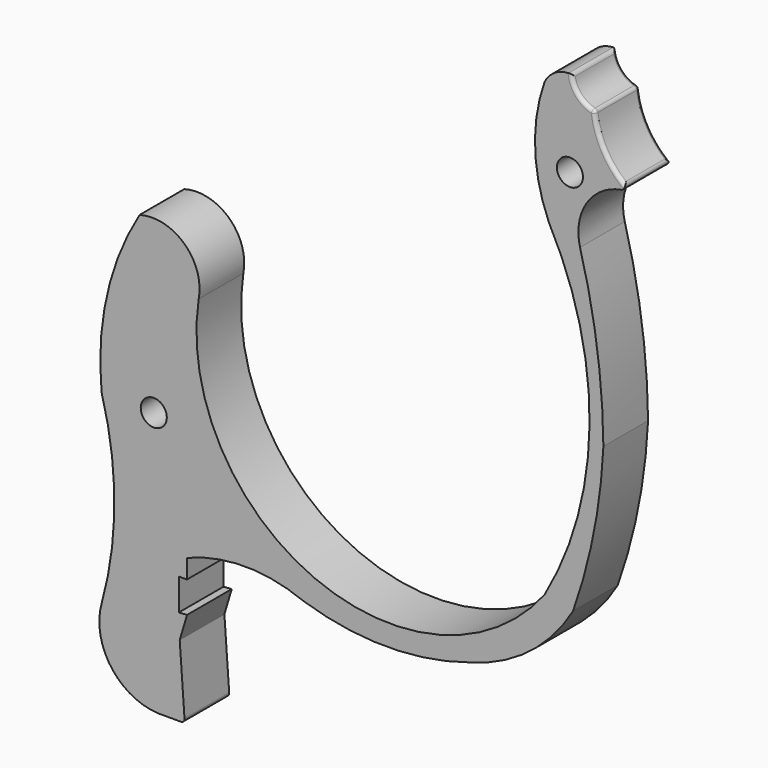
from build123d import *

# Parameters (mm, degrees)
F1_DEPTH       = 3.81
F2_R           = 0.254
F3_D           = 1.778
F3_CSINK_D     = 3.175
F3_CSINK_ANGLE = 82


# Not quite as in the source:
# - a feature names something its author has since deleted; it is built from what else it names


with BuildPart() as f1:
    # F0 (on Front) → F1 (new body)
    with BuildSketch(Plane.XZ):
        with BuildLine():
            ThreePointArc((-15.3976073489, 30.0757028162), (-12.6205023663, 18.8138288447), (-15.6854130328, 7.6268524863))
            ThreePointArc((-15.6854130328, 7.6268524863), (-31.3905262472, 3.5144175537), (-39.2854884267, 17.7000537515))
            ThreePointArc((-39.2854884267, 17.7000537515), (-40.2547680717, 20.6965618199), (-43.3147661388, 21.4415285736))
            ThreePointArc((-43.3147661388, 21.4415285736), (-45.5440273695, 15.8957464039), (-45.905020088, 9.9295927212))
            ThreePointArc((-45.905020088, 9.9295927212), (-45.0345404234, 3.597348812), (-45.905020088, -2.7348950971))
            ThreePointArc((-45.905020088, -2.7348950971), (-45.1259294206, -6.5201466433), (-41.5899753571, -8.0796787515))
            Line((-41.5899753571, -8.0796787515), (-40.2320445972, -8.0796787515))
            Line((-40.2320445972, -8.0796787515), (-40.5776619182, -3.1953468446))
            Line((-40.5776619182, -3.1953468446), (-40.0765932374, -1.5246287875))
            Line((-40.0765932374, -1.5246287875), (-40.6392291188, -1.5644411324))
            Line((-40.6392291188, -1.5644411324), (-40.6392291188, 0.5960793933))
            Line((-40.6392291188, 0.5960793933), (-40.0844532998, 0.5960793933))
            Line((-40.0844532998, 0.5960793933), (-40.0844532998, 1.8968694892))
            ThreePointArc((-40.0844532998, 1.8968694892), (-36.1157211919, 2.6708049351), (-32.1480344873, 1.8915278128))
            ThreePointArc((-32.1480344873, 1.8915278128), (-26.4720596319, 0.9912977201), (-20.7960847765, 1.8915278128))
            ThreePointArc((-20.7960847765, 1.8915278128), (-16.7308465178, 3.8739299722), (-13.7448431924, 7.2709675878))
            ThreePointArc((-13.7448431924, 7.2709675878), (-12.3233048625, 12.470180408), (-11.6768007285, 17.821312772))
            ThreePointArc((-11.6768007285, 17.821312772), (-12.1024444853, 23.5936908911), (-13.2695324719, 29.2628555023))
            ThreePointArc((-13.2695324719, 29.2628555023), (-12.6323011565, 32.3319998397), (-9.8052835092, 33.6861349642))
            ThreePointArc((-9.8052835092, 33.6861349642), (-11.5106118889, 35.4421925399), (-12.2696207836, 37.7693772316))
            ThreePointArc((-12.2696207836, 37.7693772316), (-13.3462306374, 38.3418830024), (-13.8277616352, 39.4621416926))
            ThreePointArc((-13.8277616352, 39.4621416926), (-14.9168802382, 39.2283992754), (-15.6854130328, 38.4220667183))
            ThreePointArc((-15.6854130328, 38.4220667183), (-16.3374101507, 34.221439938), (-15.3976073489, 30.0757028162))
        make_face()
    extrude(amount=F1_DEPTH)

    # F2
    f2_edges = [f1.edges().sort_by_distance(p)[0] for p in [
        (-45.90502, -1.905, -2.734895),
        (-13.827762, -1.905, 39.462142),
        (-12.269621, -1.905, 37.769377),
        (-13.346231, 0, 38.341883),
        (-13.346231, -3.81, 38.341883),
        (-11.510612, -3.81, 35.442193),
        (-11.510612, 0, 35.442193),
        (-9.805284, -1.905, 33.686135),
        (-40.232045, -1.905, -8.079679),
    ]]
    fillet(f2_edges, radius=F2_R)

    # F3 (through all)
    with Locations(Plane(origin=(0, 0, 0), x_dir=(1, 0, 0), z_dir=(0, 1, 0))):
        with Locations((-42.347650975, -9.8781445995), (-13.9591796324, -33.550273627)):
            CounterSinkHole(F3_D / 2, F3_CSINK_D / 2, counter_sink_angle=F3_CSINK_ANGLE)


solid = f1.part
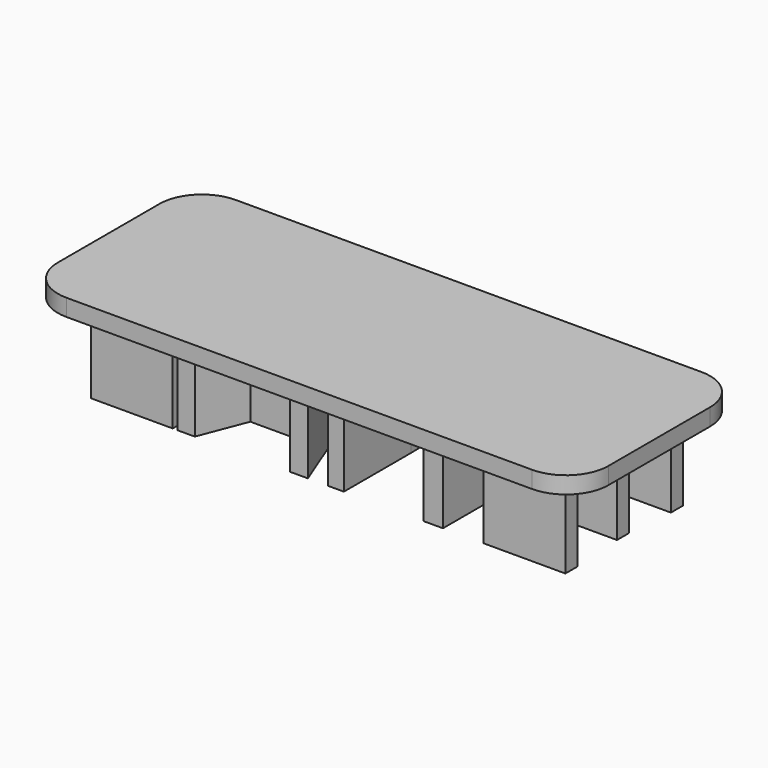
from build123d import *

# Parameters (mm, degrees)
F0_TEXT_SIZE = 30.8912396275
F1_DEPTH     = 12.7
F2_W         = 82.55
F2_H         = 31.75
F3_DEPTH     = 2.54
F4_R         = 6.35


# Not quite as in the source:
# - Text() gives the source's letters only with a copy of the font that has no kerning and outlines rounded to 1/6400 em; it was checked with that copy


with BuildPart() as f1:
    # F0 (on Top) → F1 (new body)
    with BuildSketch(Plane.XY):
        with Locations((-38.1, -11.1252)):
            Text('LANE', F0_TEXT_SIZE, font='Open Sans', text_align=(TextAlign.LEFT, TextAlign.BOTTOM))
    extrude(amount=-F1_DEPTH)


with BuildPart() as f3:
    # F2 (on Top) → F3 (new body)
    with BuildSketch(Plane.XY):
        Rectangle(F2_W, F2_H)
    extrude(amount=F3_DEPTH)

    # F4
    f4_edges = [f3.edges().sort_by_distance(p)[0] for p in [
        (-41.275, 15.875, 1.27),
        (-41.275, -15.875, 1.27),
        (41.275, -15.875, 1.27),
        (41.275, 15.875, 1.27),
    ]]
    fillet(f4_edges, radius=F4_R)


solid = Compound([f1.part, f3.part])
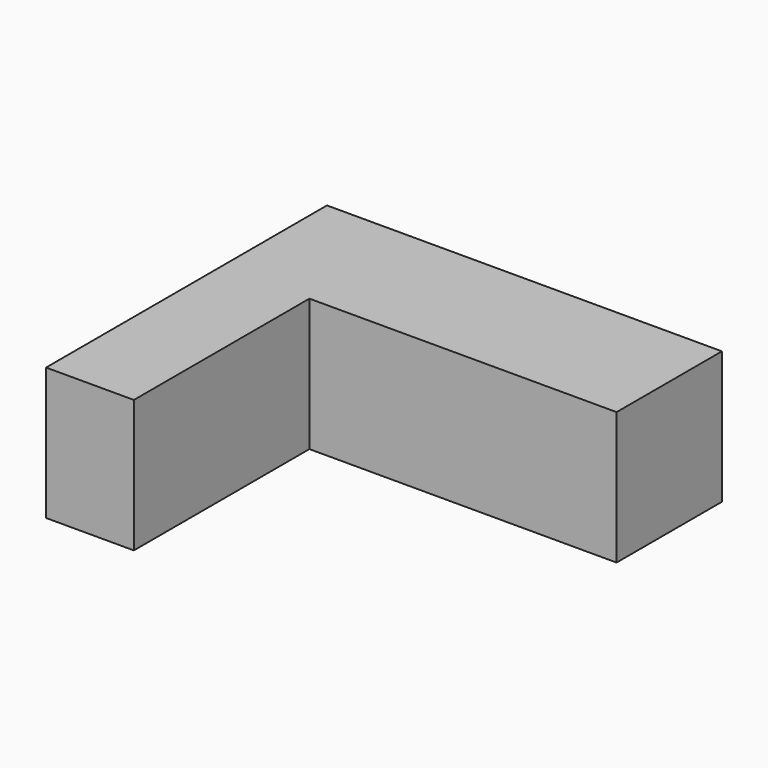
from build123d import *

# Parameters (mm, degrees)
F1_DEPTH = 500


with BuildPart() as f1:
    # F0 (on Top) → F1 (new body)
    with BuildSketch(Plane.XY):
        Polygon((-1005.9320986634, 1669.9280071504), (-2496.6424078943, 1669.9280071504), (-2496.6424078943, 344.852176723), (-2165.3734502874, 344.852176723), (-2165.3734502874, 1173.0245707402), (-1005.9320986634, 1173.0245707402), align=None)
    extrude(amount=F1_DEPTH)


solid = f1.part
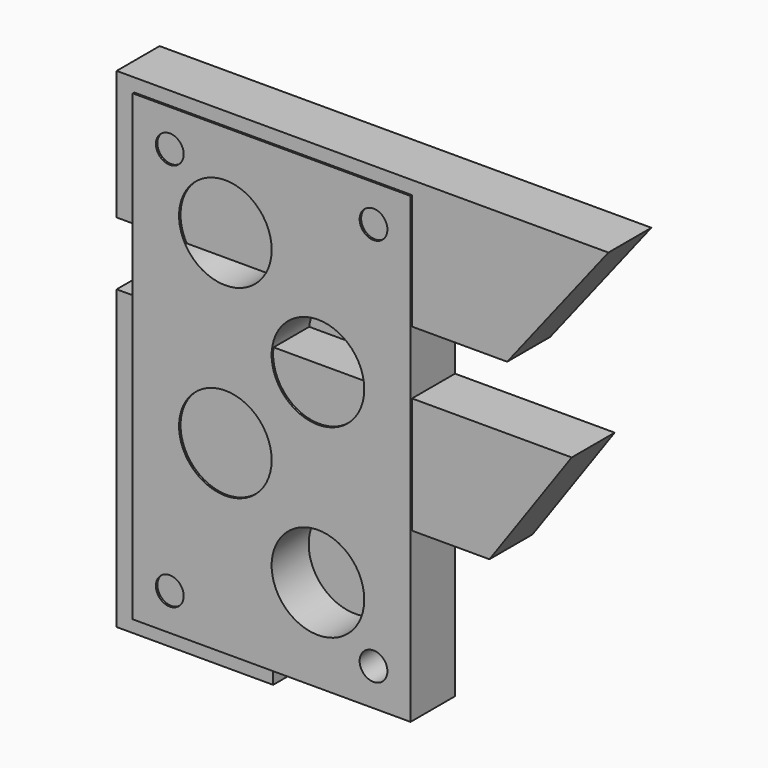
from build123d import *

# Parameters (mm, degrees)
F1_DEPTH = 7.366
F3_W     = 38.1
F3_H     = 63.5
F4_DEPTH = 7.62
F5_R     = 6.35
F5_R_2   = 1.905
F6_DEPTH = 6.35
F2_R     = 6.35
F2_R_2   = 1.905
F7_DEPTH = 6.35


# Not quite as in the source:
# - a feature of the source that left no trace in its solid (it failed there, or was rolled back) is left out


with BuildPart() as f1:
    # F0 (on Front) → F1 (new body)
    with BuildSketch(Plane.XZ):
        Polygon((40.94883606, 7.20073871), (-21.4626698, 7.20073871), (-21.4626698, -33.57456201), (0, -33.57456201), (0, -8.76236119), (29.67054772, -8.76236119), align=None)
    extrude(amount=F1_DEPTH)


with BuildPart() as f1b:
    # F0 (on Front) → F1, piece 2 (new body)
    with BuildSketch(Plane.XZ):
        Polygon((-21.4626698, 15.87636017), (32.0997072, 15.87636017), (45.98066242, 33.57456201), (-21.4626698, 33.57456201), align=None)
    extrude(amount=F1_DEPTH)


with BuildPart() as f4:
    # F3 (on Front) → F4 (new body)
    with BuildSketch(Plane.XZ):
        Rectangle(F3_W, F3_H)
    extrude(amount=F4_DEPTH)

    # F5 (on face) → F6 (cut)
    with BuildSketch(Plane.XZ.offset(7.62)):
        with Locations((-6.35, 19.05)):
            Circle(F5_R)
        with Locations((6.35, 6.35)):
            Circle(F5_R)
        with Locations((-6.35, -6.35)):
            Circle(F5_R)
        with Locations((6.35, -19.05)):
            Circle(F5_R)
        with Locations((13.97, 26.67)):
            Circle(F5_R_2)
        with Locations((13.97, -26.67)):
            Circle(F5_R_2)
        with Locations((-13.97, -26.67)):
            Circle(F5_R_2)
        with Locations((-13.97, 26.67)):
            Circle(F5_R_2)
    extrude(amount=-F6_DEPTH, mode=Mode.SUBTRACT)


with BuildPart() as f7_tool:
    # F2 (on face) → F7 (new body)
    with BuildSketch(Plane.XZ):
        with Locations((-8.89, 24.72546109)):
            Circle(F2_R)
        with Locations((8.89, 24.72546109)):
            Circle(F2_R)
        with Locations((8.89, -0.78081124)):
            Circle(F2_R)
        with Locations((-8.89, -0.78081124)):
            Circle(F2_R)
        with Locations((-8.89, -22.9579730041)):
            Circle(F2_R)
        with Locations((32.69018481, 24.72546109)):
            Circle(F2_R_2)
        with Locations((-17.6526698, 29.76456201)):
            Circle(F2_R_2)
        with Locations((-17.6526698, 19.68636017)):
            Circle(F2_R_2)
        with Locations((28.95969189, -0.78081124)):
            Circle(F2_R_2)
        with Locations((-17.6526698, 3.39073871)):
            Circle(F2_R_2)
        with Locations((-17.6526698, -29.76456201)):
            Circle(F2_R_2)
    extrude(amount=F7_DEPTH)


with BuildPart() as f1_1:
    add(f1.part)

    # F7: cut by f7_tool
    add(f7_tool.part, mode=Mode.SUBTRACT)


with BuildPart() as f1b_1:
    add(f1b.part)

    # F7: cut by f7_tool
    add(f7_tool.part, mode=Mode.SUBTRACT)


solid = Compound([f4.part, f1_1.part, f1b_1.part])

TASK INSTRUCTIONS →
Wherever a line contains the string "Compound", copy that line from the data.

RESULT OF THIS TASK →
solid = Compound([f1.part, f3.part])
solid = Compound([f4.part, f1_1.part, f1b_1.part])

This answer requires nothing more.